Beneath this line is the data. Output exactly the lines from the line with "#12=(NAMED_UNIT(*) SI_UNIT($,.STERADIAN.) SOLID_ANGLE_UNIT());" to the line with "#29=CARTESIAN_POINT('',(0.,6.35000000000001,-6.35));", both ends included, and nothing more.

--

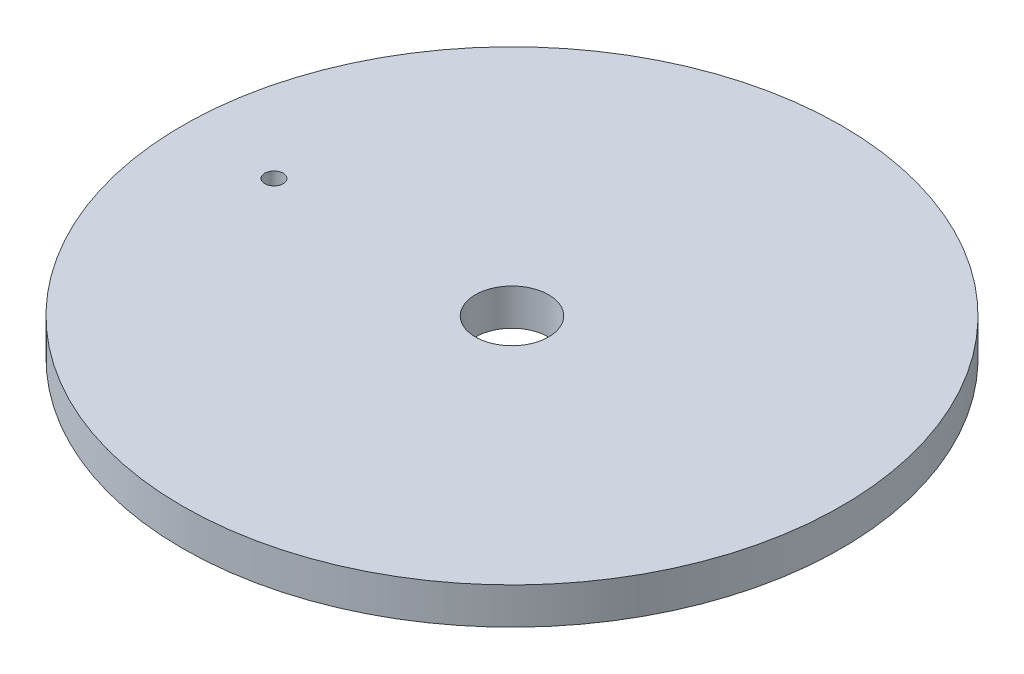
ISO-10303-21;
HEADER;
FILE_DESCRIPTION(('STEP AP214'),'2;1');
FILE_NAME('part.step','',(''),(''),'','','');
FILE_SCHEMA(('AUTOMOTIVE_DESIGN { 1 0 10303 214 1 1 1 1 }'));
ENDSEC;
DATA;
#1=APPLICATION_CONTEXT('core data for automotive mechanical design processes');
#2=APPLICATION_PROTOCOL_DEFINITION('international standard','automotive_design',2000,#1);
#3=PRODUCT_CONTEXT('',#1,'mechanical');
#4=PRODUCT('Part','Part','',(#3));
#5=PRODUCT_RELATED_PRODUCT_CATEGORY('part','',(#4));
#6=PRODUCT_DEFINITION_FORMATION('','',#4);
#7=PRODUCT_DEFINITION_CONTEXT('part definition',#1,'design');
#8=PRODUCT_DEFINITION('design','',#6,#7);
#9=PRODUCT_DEFINITION_SHAPE('','',#8);
#10=(LENGTH_UNIT() NAMED_UNIT(*) SI_UNIT(.MILLI.,.METRE.));
#11=(NAMED_UNIT(*) PLANE_ANGLE_UNIT() SI_UNIT($,.RADIAN.));
#12=(NAMED_UNIT(*) SI_UNIT($,.STERADIAN.) SOLID_ANGLE_UNIT());
#13=UNCERTAINTY_MEASURE_WITH_UNIT(LENGTH_MEASURE(1.E-05),#10,'distance_accuracy_value','');
#14=(GEOMETRIC_REPRESENTATION_CONTEXT(3) GLOBAL_UNCERTAINTY_ASSIGNED_CONTEXT((#13)) GLOBAL_UNIT_ASSIGNED_CONTEXT((#10,
#11,#12)) REPRESENTATION_CONTEXT('',''));
#15=CARTESIAN_POINT('',(0.,0.,0.));
#16=DIRECTION('',(0.,0.,1.));
#17=DIRECTION('',(1.,0.,0.));
#18=AXIS2_PLACEMENT_3D('',#15,#16,#17);
#19=CARTESIAN_POINT('',(0.,0.,0.));
#20=DIRECTION('',(0.,-1.,0.));
#21=DIRECTION('',(0.,0.,-1.));
#22=AXIS2_PLACEMENT_3D('',#19,#20,#21);
#23=CYLINDRICAL_SURFACE('',#22,6.35);
#24=CARTESIAN_POINT('',(0.,6.35000000000001,0.));
#25=DIRECTION('',(0.,-1.,0.));
#26=DIRECTION('',(0.,0.,-1.));
#27=AXIS2_PLACEMENT_3D('',#24,#25,#26);
#28=CIRCLE('',#27,6.35);
#29=CARTESIAN_POINT('',(0.,6.35000000000001,-6.35));
#30=VERTEX_POINT('',#29);
#31=EDGE_CURVE('E59',#30,#30,#28,.T.);
#32=ORIENTED_EDGE('',*,*,#31,.F.);
#33=EDGE_LOOP('',(#32));
#34=FACE_BOUND('',#33,.T.);
#35=CARTESIAN_POINT('',(0.,0.,0.));
#36=DIRECTION('',(0.,-1.,0.));
#37=DIRECTION('',(0.,0.,-1.));
#38=AXIS2_PLACEMENT_3D('',#35,#36,#37);
#39=CIRCLE('',#38,6.35);
#40=CARTESIAN_POINT('',(0.,0.,-6.35));
#41=VERTEX_POINT('',#40);
#42=EDGE_CURVE('E11',#41,#41,#39,.T.);
#43=ORIENTED_EDGE('',*,*,#42,.T.);
#44=EDGE_LOOP('',(#43));
#45=FACE_BOUND('',#44,.T.);
#46=ADVANCED_FACE('F38',(#34,#45),#23,.F.);
#47=CARTESIAN_POINT('',(-6.35,0.,0.));
#48=DIRECTION('',(0.,1.,0.));
#49=DIRECTION('',(0.,0.,1.));
#50=AXIS2_PLACEMENT_3D('',#47,#48,#49);
#51=PLANE('',#50);
#52=ORIENTED_EDGE('',*,*,#42,.F.);
#53=EDGE_LOOP('',(#52));
#54=FACE_BOUND('',#53,.T.);
#55=CARTESIAN_POINT('',(0.,0.,0.));
#56=DIRECTION('',(0.,-1.,0.));
#57=DIRECTION('',(0.,0.,-1.));
#58=AXIS2_PLACEMENT_3D('',#55,#56,#57);
#59=CIRCLE('',#58,52.5145);
#60=CARTESIAN_POINT('',(0.,0.,-52.5145));
#61=VERTEX_POINT('',#60);
#62=EDGE_CURVE('E45',#61,#61,#59,.T.);
#63=ORIENTED_EDGE('',*,*,#62,.T.);
#64=EDGE_LOOP('',(#63));
#65=FACE_BOUND('',#64,.T.);
#66=ADVANCED_FACE('F92',(#54,#65),#51,.F.);
#67=CARTESIAN_POINT('',(0.,0.,0.));
#68=DIRECTION('',(0.,-1.,0.));
#69=DIRECTION('',(0.,0.,-1.));
#70=AXIS2_PLACEMENT_3D('',#67,#68,#69);
#71=CYLINDRICAL_SURFACE('',#70,52.5145);
#72=ORIENTED_EDGE('',*,*,#62,.F.);
#73=EDGE_LOOP('',(#72));
#74=FACE_BOUND('',#73,.T.);
#75=CARTESIAN_POINT('',(0.,2.03199999999999,0.));
#76=DIRECTION('',(0.,-1.,0.));
#77=DIRECTION('',(0.,0.,-1.));
#78=AXIS2_PLACEMENT_3D('',#75,#76,#77);
#79=CIRCLE('',#78,52.5145);
#80=CARTESIAN_POINT('',(0.,2.03199999999999,-52.5145));
#81=VERTEX_POINT('',#80);
#82=EDGE_CURVE('E85',#81,#81,#79,.T.);
#83=ORIENTED_EDGE('',*,*,#82,.T.);
#84=EDGE_LOOP('',(#83));
#85=FACE_BOUND('',#84,.T.);
#86=ADVANCED_FACE('F94',(#74,#85),#71,.T.);
#87=CARTESIAN_POINT('',(-55.5625,2.03199999999999,0.));
#88=DIRECTION('',(0.,1.,0.));
#89=DIRECTION('',(0.,0.,1.));
#90=AXIS2_PLACEMENT_3D('',#87,#88,#89);
#91=PLANE('',#90);
#92=ORIENTED_EDGE('',*,*,#82,.F.);
#93=EDGE_LOOP('',(#92));
#94=FACE_BOUND('',#93,.T.);
#95=CARTESIAN_POINT('',(0.,2.03199999999999,0.));
#96=DIRECTION('',(0.,-1.,0.));
#97=DIRECTION('',(0.,0.,-1.));
#98=AXIS2_PLACEMENT_3D('',#95,#96,#97);
#99=CIRCLE('',#98,55.5625);
#100=CARTESIAN_POINT('',(0.,2.03199999999999,-55.5625));
#101=VERTEX_POINT('',#100);
#102=EDGE_CURVE('E81',#101,#101,#99,.T.);
#103=ORIENTED_EDGE('',*,*,#102,.T.);
#104=EDGE_LOOP('',(#103));
#105=FACE_BOUND('',#104,.T.);
#106=ADVANCED_FACE('F97',(#94,#105),#91,.F.);
#107=CARTESIAN_POINT('',(0.,0.,0.));
#108=DIRECTION('',(0.,-1.,0.));
#109=DIRECTION('',(0.,0.,-1.));
#110=AXIS2_PLACEMENT_3D('',#107,#108,#109);
#111=CYLINDRICAL_SURFACE('',#110,55.5625);
#112=ORIENTED_EDGE('',*,*,#102,.F.);
#113=EDGE_LOOP('',(#112));
#114=FACE_BOUND('',#113,.T.);
#115=CARTESIAN_POINT('',(0.,0.,0.));
#116=DIRECTION('',(0.,-1.,0.));
#117=DIRECTION('',(0.,0.,-1.));
#118=AXIS2_PLACEMENT_3D('',#115,#116,#117);
#119=CIRCLE('',#118,55.5625);
#120=CARTESIAN_POINT('',(0.,0.,-55.5625));
#121=VERTEX_POINT('',#120);
#122=EDGE_CURVE('E77',#121,#121,#119,.T.);
#123=ORIENTED_EDGE('',*,*,#122,.T.);
#124=EDGE_LOOP('',(#123));
#125=FACE_BOUND('',#124,.T.);
#126=ADVANCED_FACE('F103',(#114,#125),#111,.F.);
#127=CARTESIAN_POINT('',(-57.15,0.,0.));
#128=DIRECTION('',(0.,1.,0.));
#129=DIRECTION('',(0.,0.,1.));
#130=AXIS2_PLACEMENT_3D('',#127,#128,#129);
#131=PLANE('',#130);
#132=ORIENTED_EDGE('',*,*,#122,.F.);
#133=EDGE_LOOP('',(#132));
#134=FACE_BOUND('',#133,.T.);
#135=CARTESIAN_POINT('',(0.,0.,0.));
#136=DIRECTION('',(0.,-1.,0.));
#137=DIRECTION('',(0.,0.,-1.));
#138=AXIS2_PLACEMENT_3D('',#135,#136,#137);
#139=CIRCLE('',#138,57.15);
#140=CARTESIAN_POINT('',(0.,0.,-57.15));
#141=VERTEX_POINT('',#140);
#142=EDGE_CURVE('E73',#141,#141,#139,.T.);
#143=ORIENTED_EDGE('',*,*,#142,.T.);
#144=EDGE_LOOP('',(#143));
#145=FACE_BOUND('',#144,.T.);
#146=ADVANCED_FACE('F109',(#134,#145),#131,.F.);
#147=CARTESIAN_POINT('',(0.,0.,0.));
#148=DIRECTION('',(0.,-1.,0.));
#149=DIRECTION('',(0.,0.,-1.));
#150=AXIS2_PLACEMENT_3D('',#147,#148,#149);
#151=CYLINDRICAL_SURFACE('',#150,57.15);
#152=ORIENTED_EDGE('',*,*,#142,.F.);
#153=EDGE_LOOP('',(#152));
#154=FACE_BOUND('',#153,.T.);
#155=CARTESIAN_POINT('',(0.,6.35,0.));
#156=DIRECTION('',(0.,-1.,0.));
#157=DIRECTION('',(0.,0.,-1.));
#158=AXIS2_PLACEMENT_3D('',#155,#156,#157);
#159=CIRCLE('',#158,57.15);
#160=CARTESIAN_POINT('',(0.,6.35,-57.15));
#161=VERTEX_POINT('',#160);
#162=EDGE_CURVE('E65',#161,#161,#159,.T.);
#163=ORIENTED_EDGE('',*,*,#162,.T.);
#164=EDGE_LOOP('',(#163));
#165=FACE_BOUND('',#164,.T.);
#166=ADVANCED_FACE('F115',(#154,#165),#151,.T.);
#167=CARTESIAN_POINT('',(-57.15,6.35,0.));
#168=DIRECTION('',(0.,-1.,0.));
#169=DIRECTION('',(0.,0.,-1.));
#170=AXIS2_PLACEMENT_3D('',#167,#168,#169);
#171=PLANE('',#170);
#172=CARTESIAN_POINT('',(-41.275,6.35,0.));
#173=DIRECTION('',(0.,1.,0.));
#174=DIRECTION('',(0.,0.,1.));
#175=AXIS2_PLACEMENT_3D('',#172,#173,#174);
#176=CIRCLE('',#175,1.5875);
#177=CARTESIAN_POINT('',(-41.275,6.35,1.5875));
#178=VERTEX_POINT('',#177);
#179=EDGE_CURVE('E60',#178,#178,#176,.T.);
#180=ORIENTED_EDGE('',*,*,#179,.F.);
#181=EDGE_LOOP('',(#180));
#182=FACE_BOUND('',#181,.T.);
#183=ORIENTED_EDGE('',*,*,#162,.F.);
#184=EDGE_LOOP('',(#183));
#185=FACE_BOUND('',#184,.T.);
#186=ORIENTED_EDGE('',*,*,#31,.T.);
#187=EDGE_LOOP('',(#186));
#188=FACE_BOUND('',#187,.T.);
#189=ADVANCED_FACE('F52',(#182,#185,#188),#171,.F.);
#190=CARTESIAN_POINT('',(-41.275,3.175,0.));
#191=DIRECTION('',(0.,1.,0.));
#192=DIRECTION('',(0.,0.,1.));
#193=AXIS2_PLACEMENT_3D('',#190,#191,#192);
#194=CONICAL_SURFACE('',#193,1.5875,1.02974425867665);
#195=CARTESIAN_POINT('',(-41.275,2.22113376729375,0.));
#196=VERTEX_POINT('',#195);
#197=VERTEX_LOOP('',#196);
#198=FACE_BOUND('',#197,.T.);
#199=CARTESIAN_POINT('',(-41.275,3.175,0.));
#200=DIRECTION('',(0.,1.,0.));
#201=DIRECTION('',(0.,0.,1.));
#202=AXIS2_PLACEMENT_3D('',#199,#200,#201);
#203=CIRCLE('',#202,1.5875);
#204=CARTESIAN_POINT('',(-41.275,3.175,1.5875));
#205=VERTEX_POINT('',#204);
#206=EDGE_CURVE('E56',#205,#205,#203,.T.);
#207=ORIENTED_EDGE('',*,*,#206,.T.);
#208=EDGE_LOOP('',(#207));
#209=FACE_BOUND('',#208,.T.);
#210=ADVANCED_FACE('F48',(#198,#209),#194,.F.);
#211=CARTESIAN_POINT('',(-41.275,6.35,0.));
#212=DIRECTION('',(0.,1.,0.));
#213=DIRECTION('',(0.,0.,1.));
#214=AXIS2_PLACEMENT_3D('',#211,#212,#213);
#215=CYLINDRICAL_SURFACE('',#214,1.5875);
#216=ORIENTED_EDGE('',*,*,#206,.F.);
#217=EDGE_LOOP('',(#216));
#218=FACE_BOUND('',#217,.T.);
#219=ORIENTED_EDGE('',*,*,#179,.T.);
#220=EDGE_LOOP('',(#219));
#221=FACE_BOUND('',#220,.T.);
#222=ADVANCED_FACE('F51',(#218,#221),#215,.F.);
#223=CLOSED_SHELL('',(#46,#66,#86,#106,#126,#146,#166,#189,#210,#222));
#224=MANIFOLD_SOLID_BREP('B2',#223);
#225=ADVANCED_BREP_SHAPE_REPRESENTATION('',(#18,#224),#14);
#226=SHAPE_DEFINITION_REPRESENTATION(#9,#225);
ENDSEC;
END-ISO-10303-21;

--

# Problem solution
#12=(NAMED_UNIT(*) SI_UNIT($,.STERADIAN.) SOLID_ANGLE_UNIT());
#13=UNCERTAINTY_MEASURE_WITH_UNIT(LENGTH_MEASURE(1.E-05),#10,'distance_accuracy_value','');
#14=(GEOMETRIC_REPRESENTATION_CONTEXT(3) GLOBAL_UNCERTAINTY_ASSIGNED_CONTEXT((#13)) GLOBAL_UNIT_ASSIGNED_CONTEXT((#10,
#11,#12)) REPRESENTATION_CONTEXT('',''));
#15=CARTESIAN_POINT('',(0.,0.,0.));
#16=DIRECTION('',(0.,0.,1.));
#17=DIRECTION('',(1.,0.,0.));
#18=AXIS2_PLACEMENT_3D('',#15,#16,#17);
#19=CARTESIAN_POINT('',(0.,0.,0.));
#20=DIRECTION('',(0.,-1.,0.));
#21=DIRECTION('',(0.,0.,-1.));
#22=AXIS2_PLACEMENT_3D('',#19,#20,#21);
#23=CYLINDRICAL_SURFACE('',#22,6.35);
#24=CARTESIAN_POINT('',(0.,6.35000000000001,0.));
#25=DIRECTION('',(0.,-1.,0.));
#26=DIRECTION('',(0.,0.,-1.));
#27=AXIS2_PLACEMENT_3D('',#24,#25,#26);
#28=CIRCLE('',#27,6.35);
#29=CARTESIAN_POINT('',(0.,6.35000000000001,-6.35));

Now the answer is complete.